My thoughts drift back again to those that toiled before us and the idea of a relay race. We living today hold that baton and in our hands are the hopes of a thousand previous generations. That is one lot of responsibility. On good days I imagine that our generation will be the one that crosses the finishing line, bringing to an end a history of conflict, broken life’s and shattered dreams. On rubbish days I am scared that not only will we drop the baton but lose it altogether, condemning future generations to never ending heartbreak. To lift the mood, I decided to try and walk the rest of the way to Lairg in the historic footsteps of all the good people from the past that had left the world in better shape than they had found it.
The landscape is again changing, the more south and closer to Lairg, there is more evidence of land management taking place, there are more conifer plantations on the slopes to my left and on my right between the road I am walking on and the now much wider river Tirry the fields have become smaller, flatter and are now enclosed with dry stone walls rather than wire fencing.
I arrive in Lairg a little after three…I think the only footsteps I walked in were those of stray sheep and maybe one or two roe deer, so much for high ideas.
In Lairg I find a church and in doing so make contact with a Rev. Goskirk, again I explain the idea of the walk and again surprised by the generosity of people, the reverend takes me to a Bed and Breakfast and pays for me to stay. At six o’clock I am picked up and taken back to his home for a huge meal with his family and afterwards we sit in front of the family fireplace with map books open talking of past adventures.At a little after nine o’clock I am back at the Bed and Breakfast. I unpack a little, my sleeping bag is not quite as dry as I thought it was, I hang it over the radiator, plug my phone in, grab a shower, make a tea and climb into bed.

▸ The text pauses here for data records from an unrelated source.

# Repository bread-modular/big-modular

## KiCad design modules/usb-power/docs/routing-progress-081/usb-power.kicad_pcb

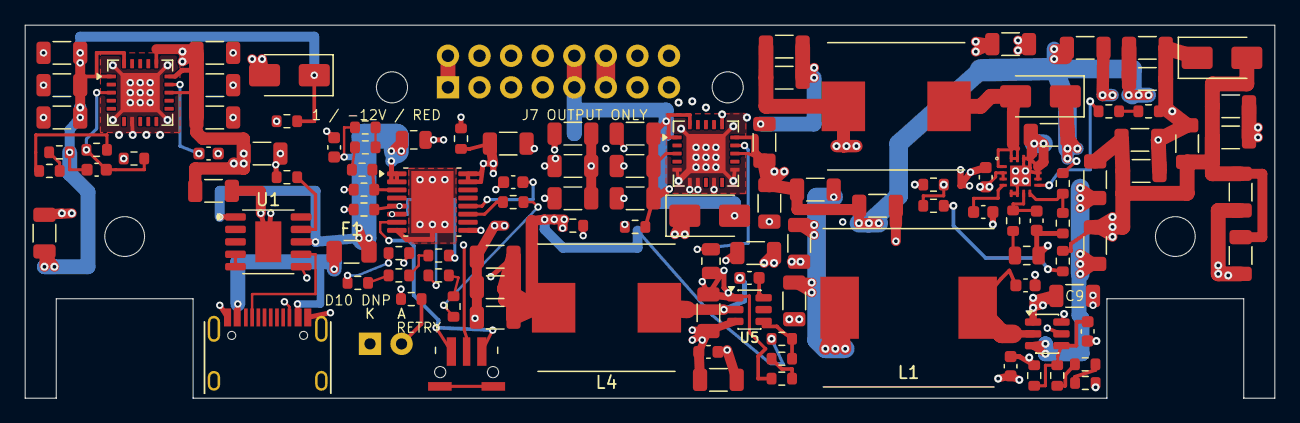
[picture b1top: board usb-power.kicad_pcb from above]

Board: 4 copper layers, 100.5 x 30.0 mm, 116 parts (0 on the bottom side), 50 nets.

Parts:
C1, C60, C86: 1u 50V X7R; C_0805_2012Metric
C2, C3, C7, C20, C35, C36, C61, C85, C88: 100n 50V X7R; C_0603_1608Metric
C4: 10u 50V X5R; C_1206_3216Metric
C5, C6, C9, C18, C19, C37, C38, C48, C49, C50, C51, C52, C53, C54, C55, C56, C57, C58, C59, C63, C64, C65, C66, C67, C68, C69, C70, C71, C72, C73, C74, C75, C76, C77, C78, C79, C80, C82, C83, C84: 22u 25V X5R; C_1206_3216Metric
C62: 10n 50V X7R; C_0603_1608Metric
C87: 100p 50V C0G; C_0603_1608Metric
C89, C90, C91, C92: 2.2u 50V X7R; C_1206_3216Metric
C93: DNP CFF / TBD; C_0603_1608Metric
D10: RED 3mm / +5V POWER / DNP; LED_D3.0mm_Horizontal_O1.27mm_Z2.0mm_Edge
D27, D28, D29, D30: SS34 40V; D_SMA
F1: 3A 32V candidate; Fuse_1206_3216Metric
J1: TYPE-C-31-M-12; HRO-TYPE-C-31-M-12
J7: Manual IDC wire landing; WireLanding_2x08_P2.54mm
L1: 22uH 20% shielded; L_TMPC1205HP_220M
L4, L5: 6.8uH 20% shielded; L_SLO1040H6R8MTT
R2: 6.8k 1%; R_0603_1608Metric
R4: 470k 1%; R_0603_1608Metric
R5, R7, R17, R81, R88, R91: 100k 1%; R_0603_1608Metric
R6: 806k 1%; R_0603_1608Metric
R8: 5.6k 1%; R_0603_1608Metric
R9, R86: 100k 0.1%; R_0603_1608Metric
R10, R74, R87: 10k 0.1%; R_0603_1608Metric
R15: 120k 0.1%; R_0603_1608Metric
R18: 13k 1%; R_0603_1608Metric
R25, R26, R27, R31, R78: 10k 1%; R_0603_1608Metric
R32: 1k 1%; R_0603_1608Metric
R36: 300k 1%; R_0603_1608Metric
R72: 90.9k 0.1%; R_0603_1608Metric
R73: 1.2k 1%; R_0603_1608Metric
R77: 82k 1%; R_0603_1608Metric
R79, R80: 220 1%; R_0603_1608Metric
R82, R93: 2k 1%; R_0603_1608Metric
R83: 0 1%; R_0603_1608Metric
R84: 6.2k 1%; R_0603_1608Metric
R85: 510 1%; R_0603_1608Metric
R89: 470 1%; R_0603_1608Metric
R90, R92: 20k 1%; R_0603_1608Metric
SW1: TL3340AF160QG; SW_TL3340AF160QG_HandSolder
U1: CH224A; SSOP-10-1EP_3.9x4.9mm_P1mm_EP2.1x3.3mm
U2: TPS26600PWPR; HTSSOP-16-1EP_4.4x5mm_P0.65mm_EP3.4x5mm_Mask2.66x2.46mm
U3, U5: TPS54302DDCR; SOT-23-6
U12: TPS7A4700RGWR; Texas_RGW0020A_VQFN-20-1EP_5x5mm_P0.65mm_EP3.15x3.15mm
U13: TPS7A3301RGWR; Texas_RGW0020A_VQFN-20-1EP_5x5mm_P0.65mm_EP3.15x3.15mm
U14: TPS55340RTER; Texas_RTE0016C_WQFN-16-1EP_3x3mm_P0.5mm_EP1.68x1.68mm

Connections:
/Autonomous hardware window and retry/EF_MODE: R36.1, U2.6 (MODE)
/Autonomous hardware window and retry/EF_SHDN: SW1.1 (COMMON), SW1.3 (COMMON), U2.7 (SHDN)
/Autonomous hardware window and retry/ILIM: R8.1, U2.11 (ILIM)
/Autonomous hardware window and retry/ILIM_SER_1: R8.2, R79.1
/Autonomous hardware window and retry/ILIM_SER_2: R79.2, R80.1
/Autonomous hardware window and retry/MODE_SER_1: R36.2, R81.1
/Autonomous hardware window and retry/MODE_SER_2: R81.2, R82.1
/Autonomous hardware window and retry/OV_SET: R6.2, R7.1, U2.5 (OVP)
/Autonomous hardware window and retry/RTN: C3.2, R5.2, R7.2, R80.2, R82.2, SW1.2 (NO), U2.8 (RTN), U2.17 (EP_RTN)
/Autonomous hardware window and retry/SLEW: C3.1, U2.12 (dVdT)
/Autonomous hardware window and retry/UV_EN: R5.1, R78.2, U2.3 (UVLO)
/Autonomous hardware window and retry/UV_SER_1: R4.2, R77.1
/Autonomous hardware window and retry/UV_SER_2: R77.2, R78.1
/Board output and power LED/LED_P_A: D10.2 (A), R32.2
/Direct 9V negative IBB/NINV_BOOT: C35.1, U3.6 (BOOT)
/Direct 9V negative IBB/NINV_DIV1: R9.2, R15.1
/Direct 9V negative IBB/NINV_DIV2: R15.2, R84.1
/Direct 9V negative IBB/NINV_EN: R91.2, R92.1, U3.5 (EN)
/Direct 9V negative IBB/NINV_EN_LO: R92.2, R93.1
/Direct 9V negative IBB/NINV_FB: C93.2, R10.1, R84.2, U3.4 (FB)
/Direct 9V negative IBB/NINV_SW: C35.2, L1.1, U3.2 (SW)
/Direct 9V negative IBB/NRAW: C6.1, C7.2, C9.1, C37.1, C54.1, C55.1, C56.1, C67.1, C70.1, C71.1, C74.1, C75.1, C76.1, C89.2, C90.2, C91.2, C92.2, D28.2 (A), D30.2 (A), R10.2, R93.2, U3.1 (GND), U13.13 (EN), U13.15 (IN), U13.16 (IN)
/Direct 9V positive boost/PBOOST_COMP: C87.1, R89.1, U14.7 (COMP)
/Direct 9V positive boost/PBOOST_COMP_RC: C86.1, R89.2
/Direct 9V positive boost/PBOOST_FB: R86.2, R87.1, U14.8 (FB)
/Direct 9V positive boost/PBOOST_FREQ: R88.1, U14.9 (FREQ)
/Direct 9V positive boost/PBOOST_FREQ_SER: R88.2, R90.1
/Direct 9V positive boost/PBOOST_SS: C85.1, U14.4 (SS)
/Direct 9V positive boost/PBOOST_SW: D29.2 (A), L5.2, U14.1 (SW), U14.15 (SW), U14.16 (SW)
/Direct 9V positive boost/PRAW: C48.1, C49.1, C50.1, C63.1, C77.1, C78.1, C79.1, C80.1, D27.1 (K), D29.1 (K), R86.1, U12.13 (EN), U12.15 (IN), U12.16 (IN)
/GND: C1.2, C2.2, C4.2, C5.2, C6.2, C9.2, C18.2, C19.2, C20.2, C37.2, C38.2, C48.2, C49.2, C50.2, C51.2, C52.2, C53.2, C54.2, C55.2, C56.2, C57.2, C58.2, C59.2, C60.2, C61.2, C63.2, C64.2, C65.2, C66.2, C67.2, C68.2, C69.2, C70.2, C71.2, C72.2, C73.2, C74.2, C75.2, C76.2, C77.2, C78.2, C79.2, C80.2, C82.2, C83.2, C84.2, C85.2, C86.2, C87.2, C88.2, C93.1, D10.1 (K), D30.1 (K), J1.A1 (GND), J1.A12 (GND), J1.S1 (SHIELD), J7.3, J7.4, J7.5, J7.6, J7.7, J7.8, L1.2, R2.2, R9.1, R25.2, R26.2, R27.2, R31.2, R74.2, R85.2, R87.2, R90.2, U1.11 (EP0_GND), U2.9 (GND), U5.1 (GND), U12.5 (6P4V1), U12.6 (3P2V), U12.7 (GND), U12.9 (0P8V), U12.11 (0P2V), U12.21 (EP_GND), U13.7 (GND), U13.21 (EP_GND), U14.5 (SYNC), U14.6 (AGND), U14.10 (RSVD_GND), U14.11 (PGND), U14.12 (PGND), U14.13 (PGND), U14.14 (RSVD_GND), U14.17 (EP_AGND)
/Independent +5V buck/FIVE_BOOT: C36.1, U5.6 (BOOT)
/Independent +5V buck/FIVE_DIV_LO: R18.2, R85.1
/Independent +5V buck/FIVE_FB: R17.2, R18.1, U5.4 (FB)
/Independent +5V buck/FIVE_SW: C36.2, L4.1, U5.2 (SW)
/N12: C57.1, C58.1, C59.1, C62.1, C73.1, D28.1 (K), J7.1, J7.2, R26.1, R72.1, U13.1 (OUT), U13.20 (OUT)
/P5: C19.1, C38.1, C72.1, J7.11, J7.12, L4.2, R17.1, R27.1, R32.1
/P12: C51.1, C52.1, C53.1, C64.1, C65.1, C66.1, D27.2 (A), J7.9, J7.10, R25.1, U12.1 (OUT), U12.3 (SENSE), U12.20 (OUT)
/Quiet bipolar post-regulators/N_LDO_DIV: R73.1, R83.2
/Quiet bipolar post-regulators/N_LDO_FB: C62.2, R73.2, R74.1, U13.3 (FB)
/Quiet bipolar post-regulators/N_LDO_SER: R72.2, R83.1
/Quiet bipolar post-regulators/N_NR: C61.1, U13.14 (NR/SS)
/Quiet bipolar post-regulators/P_NR: C60.1, U12.14 (NR)
/USB PD input/CC1: J1.A5 (CC1), U1.7 (CC1)
/USB PD input/CC2: J1.B5 (CC2), U1.6 (CC2)
/USB PD input/PD_CFG: R2.1, U1.9 (CFG1)
/USB PD input/PD_D_SHORT: U1.4 (DP), U1.5 (DM)
/USB PD input/USB_VBUS: F1.1, J1.A4 (VBUS), J1.A9 (VBUS)
/VIN9: C1.1, C2.1, F1.2, R4.1, R6.1, U1.1 (VHV), U1.8 (VBUS_SENSE), U2.1 (IN), U2.2 (IN)
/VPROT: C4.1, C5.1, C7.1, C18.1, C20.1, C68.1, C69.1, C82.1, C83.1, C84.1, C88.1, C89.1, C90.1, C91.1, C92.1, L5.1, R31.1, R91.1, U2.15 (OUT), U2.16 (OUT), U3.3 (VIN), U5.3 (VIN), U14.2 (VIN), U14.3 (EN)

The idea was to read a little… only I don’t… I am again thinking about what this walk is all about… as I have said I believe in essences people are good… only people believe in a lot of different things… to believe in something doesn’t make it true. There are people out there who believe the world is flat… sorry but it’s not. I guess this walk is about taking something I believe in and throwing it out there… for want of a better phrase ‘to walk the talk’.
I look up at the clock on the wall, it has just gone eleven and I suddenly realize that I am tired. I close the book I never read and put it on the bedside table alongside a cold half empty mug of tea, as I switch of the bedside light the night sky on the other side of the window becomes visible… and I feel gratitude… a good man has put a roof between me a billion stars and a grey sky… he didn’t have to… but he did… thank you Reverend Goskirk.